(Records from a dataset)
++++++++++++++++++++
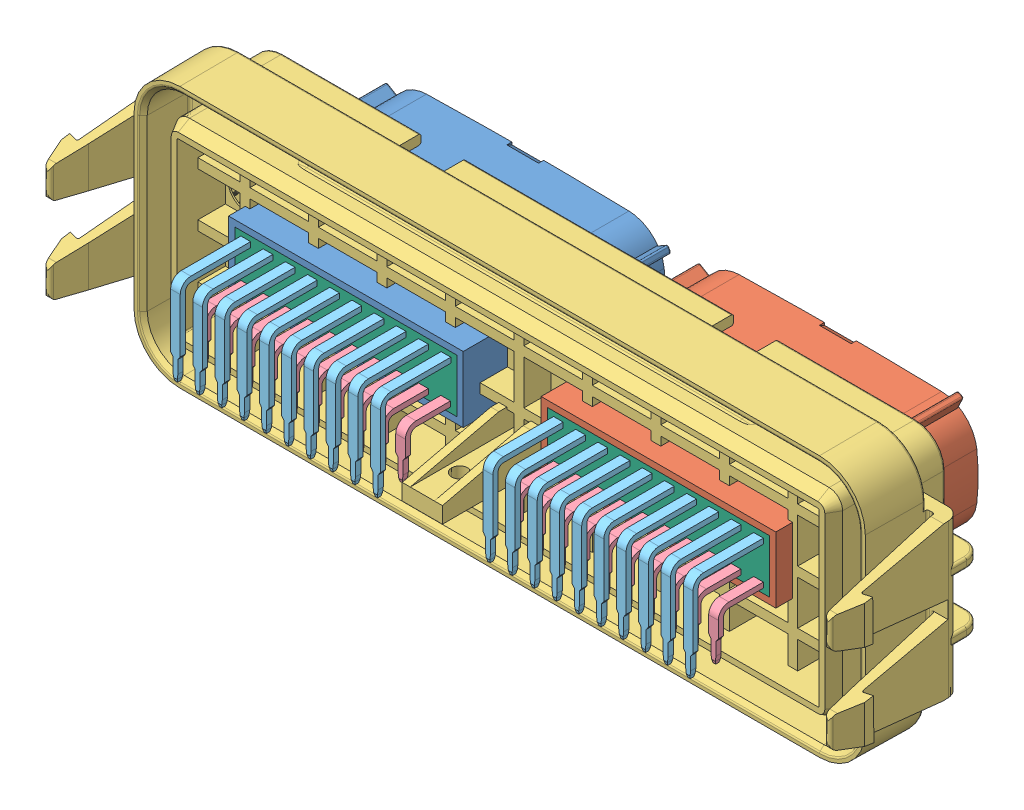
SolidWorks assembly 5810140011_model, configuration Default. Lengths in mm.
Overall size (126.6 41.34 41.26).
49 component instances, 6 part files, 0 mates.
Components (placement in the parent):
- 5810140011_model.stp-1: 5810140011_model.stp [Default] at origin size (126.6 41.34 41.26)
  - 4828770271-ME-MX-L20B-R20A_ASM.stp-1: 4828770271-ME-MX-L20B-R20A_ASM.stp [Default] at (0 -1.143 0) x (-1 0 0) z (0 0 -1) size (126.6 41.34 41.26)
    - MOLEX-ME-A-20W_AF2_ASM.stp-1: MOLEX-ME-A-20W_AF2_ASM.stp [Default] at (24.638 1.143 0) size (47 22 28.67)
      - MOLEX-ME-A-20W_AF3.stp-1: MOLEX-ME-A-20W_AF3.stp [Default] at (-17.9886 -11.4851 -14.215) size (47 22 28.67)
    - MOLEX-ME-B-20W_AF2_ASM.stp-1: MOLEX-ME-B-20W_AF2_ASM.stp [Default] at (-24.638 1.143 0) size (47 22 28.67)
      - MOLEX-ME-B-20W_AF3.stp-1: MOLEX-ME-B-20W_AF3.stp [Default] at (-17.9886 -11.4851 -14.215) size (47 22 28.67)
    - 4741170136_MX_ME_L20B-R20A_AF1.stp-1: 4741170136_MX_ME_L20B-R20A_AF1.stp [Default] at origin size (126.6 41.34 27.94)
  - 4040011260_TYPE4.stp-1: 4040011260_TYPE4.stp [Default] at (40.4134 -3.0216 -10.4678) x (-1 0 0) z (0 0 1) size (2.54 8.02 26.57)
  - 4040011261_TYPE5.stp-1: 4040011261_TYPE5.stp [Default] at (40.4134 2.9784 -10.4678) x (-1 0 0) z (0 0 1) size (2.54 14.02 30.56)
  - 4040011260_TYPE4.stp-2: 4040011260_TYPE4.stp [Default] at (8.8626 -3.0216 -10.4678) x (-1 0 0) z (0 0 1) size (2.54 8.02 26.57)
  - 4040011261_TYPE5.stp-2: 4040011261_TYPE5.stp [Default] at (8.8626 3.0419 -10.4678) x (-1 0 0) z (0 0 1) size (2.54 14.02 30.56)
  - 4040011260_TYPE4.stp-3: 4040011260_TYPE4.stp [Default] at (-40.4134 -3.0216 -10.4678) x (-1 0 0) z (0 0 1) size (2.54 8.02 26.57)
  - 4040011261_TYPE5.stp-3: 4040011261_TYPE5.stp [Default] at (-40.4134 3.0419 -10.4678) x (-1 0 0) z (0 0 1) size (2.54 14.02 30.56)
  - 4040011260_TYPE4.stp-4: 4040011260_TYPE4.stp [Default] at (-8.9134 -2.9581 -10.4678) x (-1 0 0) z (0 0 1) size (2.54 8.02 26.57)
  - 4040011261_TYPE5.stp-4: 4040011261_TYPE5.stp [Default] at (-8.8626 3.0419 -10.4678) x (-1 0 0) z (0 0 1) size (2.54 14.02 30.56)
  - 4040011260_TYPE4.stp-5: 4040011260_TYPE4.stp [Default] at (36.8626 -3.0216 -10.4678) x (-1 0 0) z (0 0 1) size (2.54 8.02 26.57)
  - 4040011260_TYPE4.stp-6: 4040011260_TYPE4.stp [Default] at (33.3626 -3.0216 -10.4678) x (-1 0 0) z (0 0 1) size (2.54 8.02 26.57)
  - 4040011260_TYPE4.stp-7: 4040011260_TYPE4.stp [Default] at (29.8626 -3.0216 -10.4678) x (-1 0 0) z (0 0 1) size (2.54 8.02 26.57)
  - 4040011260_TYPE4.stp-8: 4040011260_TYPE4.stp [Default] at (26.3626 -3.0216 -10.4678) x (-1 0 0) z (0 0 1) size (2.54 8.02 26.57)
  - 4040011260_TYPE4.stp-9: 4040011260_TYPE4.stp [Default] at (22.8626 -3.0216 -10.4678) x (-1 0 0) z (0 0 1) size (2.54 8.02 26.57)
  - 4040011260_TYPE4.stp-10: 4040011260_TYPE4.stp [Default] at (19.3626 -3.0216 -10.4678) x (-1 0 0) z (0 0 1) size (2.54 8.02 26.57)
  - 4040011260_TYPE4.stp-11: 4040011260_TYPE4.stp [Default] at (15.8626 -3.0216 -10.4678) x (-1 0 0) z (0 0 1) size (2.54 8.02 26.57)
  - 4040011260_TYPE4.stp-12: 4040011260_TYPE4.stp [Default] at (12.3626 -3.0216 -10.4678) x (-1 0 0) z (0 0 1) size (2.54 8.02 26.57)
  - 4040011260_TYPE4.stp-13: 4040011260_TYPE4.stp [Default] at (-12.4134 -3.0216 -10.4678) x (-1 0 0) z (0 0 1) size (2.54 8.02 26.57)
  - 4040011260_TYPE4.stp-14: 4040011260_TYPE4.stp [Default] at (-15.9134 -3.0216 -10.4678) x (-1 0 0) z (0 0 1) size (2.54 8.02 26.57)
  - 4040011260_TYPE4.stp-15: 4040011260_TYPE4.stp [Default] at (-19.4134 -3.0216 -10.4678) x (-1 0 0) z (0 0 1) size (2.54 8.02 26.57)
  - 4040011260_TYPE4.stp-16: 4040011260_TYPE4.stp [Default] at (-22.9134 -3.0216 -10.4678) x (-1 0 0) z (0 0 1) size (2.54 8.02 26.57)
  - 4040011260_TYPE4.stp-17: 4040011260_TYPE4.stp [Default] at (-26.4134 -3.0216 -10.4678) x (-1 0 0) z (0 0 1) size (2.54 8.02 26.57)
  - 4040011260_TYPE4.stp-18: 4040011260_TYPE4.stp [Default] at (-29.9134 -3.0216 -10.4678) x (-1 0 0) z (0 0 1) size (2.54 8.02 26.57)
  - 4040011260_TYPE4.stp-19: 4040011260_TYPE4.stp [Default] at (-33.4134 -3.0216 -10.4678) x (-1 0 0) z (0 0 1) size (2.54 8.02 26.57)
  - 4040011260_TYPE4.stp-20: 4040011260_TYPE4.stp [Default] at (-36.9134 -3.0216 -10.4678) x (-1 0 0) z (0 0 1) size (2.54 8.02 26.57)
  - 4040011261_TYPE5.stp-5: 4040011261_TYPE5.stp [Default] at (36.8626 3.0419 -10.4678) x (-1 0 0) z (0 0 1) size (2.54 14.02 30.56)
  - 4040011261_TYPE5.stp-6: 4040011261_TYPE5.stp [Default] at (33.3626 3.0419 -10.4678) x (-1 0 0) z (0 0 1) size (2.54 14.02 30.56)
  - 4040011261_TYPE5.stp-7: 4040011261_TYPE5.stp [Default] at (29.8626 3.0419 -10.4678) x (-1 0 0) z (0 0 1) size (2.54 14.02 30.56)
  - 4040011261_TYPE5.stp-8: 4040011261_TYPE5.stp [Default] at (26.3626 3.0419 -10.4678) x (-1 0 0) z (0 0 1) size (2.54 14.02 30.56)
  - 4040011261_TYPE5.stp-9: 4040011261_TYPE5.stp [Default] at (22.8626 3.0419 -10.4678) x (-1 0 0) z (0 0 1) size (2.54 14.02 30.56)
  - 4040011261_TYPE5.stp-10: 4040011261_TYPE5.stp [Default] at (19.3626 3.0419 -10.4678) x (-1 0 0) z (0 0 1) size (2.54 14.02 30.56)
  - 4040011261_TYPE5.stp-11: 4040011261_TYPE5.stp [Default] at (15.8626 3.0419 -10.4678) x (-1 0 0) z (0 0 1) size (2.54 14.02 30.56)
  - 4040011261_TYPE5.stp-12: 4040011261_TYPE5.stp [Default] at (12.3626 3.0419 -10.4678) x (-1 0 0) z (0 0 1) size (2.54 14.02 30.56)
  - 4040011261_TYPE5.stp-13: 4040011261_TYPE5.stp [Default] at (-12.4134 3.0419 -10.4678) x (-1 0 0) z (0 0 1) size (2.54 14.02 30.56)
  - 4040011261_TYPE5.stp-14: 4040011261_TYPE5.stp [Default] at (-15.9134 3.0419 -10.4678) x (-1 0 0) z (0 0 1) size (2.54 14.02 30.56)
  - 4040011261_TYPE5.stp-15: 4040011261_TYPE5.stp [Default] at (-19.4134 3.0419 -10.4678) x (-1 0 0) z (0 0 1) size (2.54 14.02 30.56)
  - 4040011261_TYPE5.stp-16: 4040011261_TYPE5.stp [Default] at (-22.9134 3.0419 -10.4678) x (-1 0 0) z (0 0 1) size (2.54 14.02 30.56)
  - 4040011261_TYPE5.stp-17: 4040011261_TYPE5.stp [Default] at (-26.4134 3.0419 -10.4678) x (-1 0 0) z (0 0 1) size (2.54 14.02 30.56)
  - 4040011261_TYPE5.stp-18: 4040011261_TYPE5.stp [Default] at (-29.9134 3.0419 -10.4678) x (-1 0 0) z (0 0 1) size (2.54 14.02 30.56)
  - 4040011261_TYPE5.stp-19: 4040011261_TYPE5.stp [Default] at (-33.4134 3.0419 -10.4678) x (-1 0 0) z (0 0 1) size (2.54 14.02 30.56)
  - 4040011261_TYPE5.stp-20: 4040011261_TYPE5.stp [Default] at (-36.9134 3.0419 -10.4678) x (-1 0 0) z (0 0 1) size (2.54 14.02 30.56)
  - ME-MX-20W-POTTING.stp-1: ME-MX-20W-POTTING.stp [Default] at (24.638 0 9) x (1 0 0) z (0 -1 0) size (35 6.97 8.4)
  - ME-MX-20W-POTTING.stp-2: ME-MX-20W-POTTING.stp [Default] at (-24.638 0 9) x (1 0 0) z (0 -1 0) size (35 6.97 8.4)
++++++++++++++++++++
_Your task_: Each line from the start of the entries above through the line with "- MOLEX-ME-A-20W_AF2_ASM.stp-1: MOLEX-ME-A-20W_AF2_ASM.stp" should be duplicated exactly, leaving out the pictures.

_Answer box_:
SolidWorks assembly 5810140011_model, configuration Default. Lengths in mm.
Overall size (126.6 41.34 41.26).
49 component instances, 6 part files, 0 mates.
Components (placement in the parent):
- 5810140011_model.stp-1: 5810140011_model.stp [Default] at origin size (126.6 41.34 41.26)
  - 4828770271-ME-MX-L20B-R20A_ASM.stp-1: 4828770271-ME-MX-L20B-R20A_ASM.stp [Default] at (0 -1.143 0) x (-1 0 0) z (0 0 -1) size (126.6 41.34 41.26)
    - MOLEX-ME-A-20W_AF2_ASM.stp-1: MOLEX-ME-A-20W_AF2_ASM.stp [Default] at (24.638 1.143 0) size (47 22 28.67)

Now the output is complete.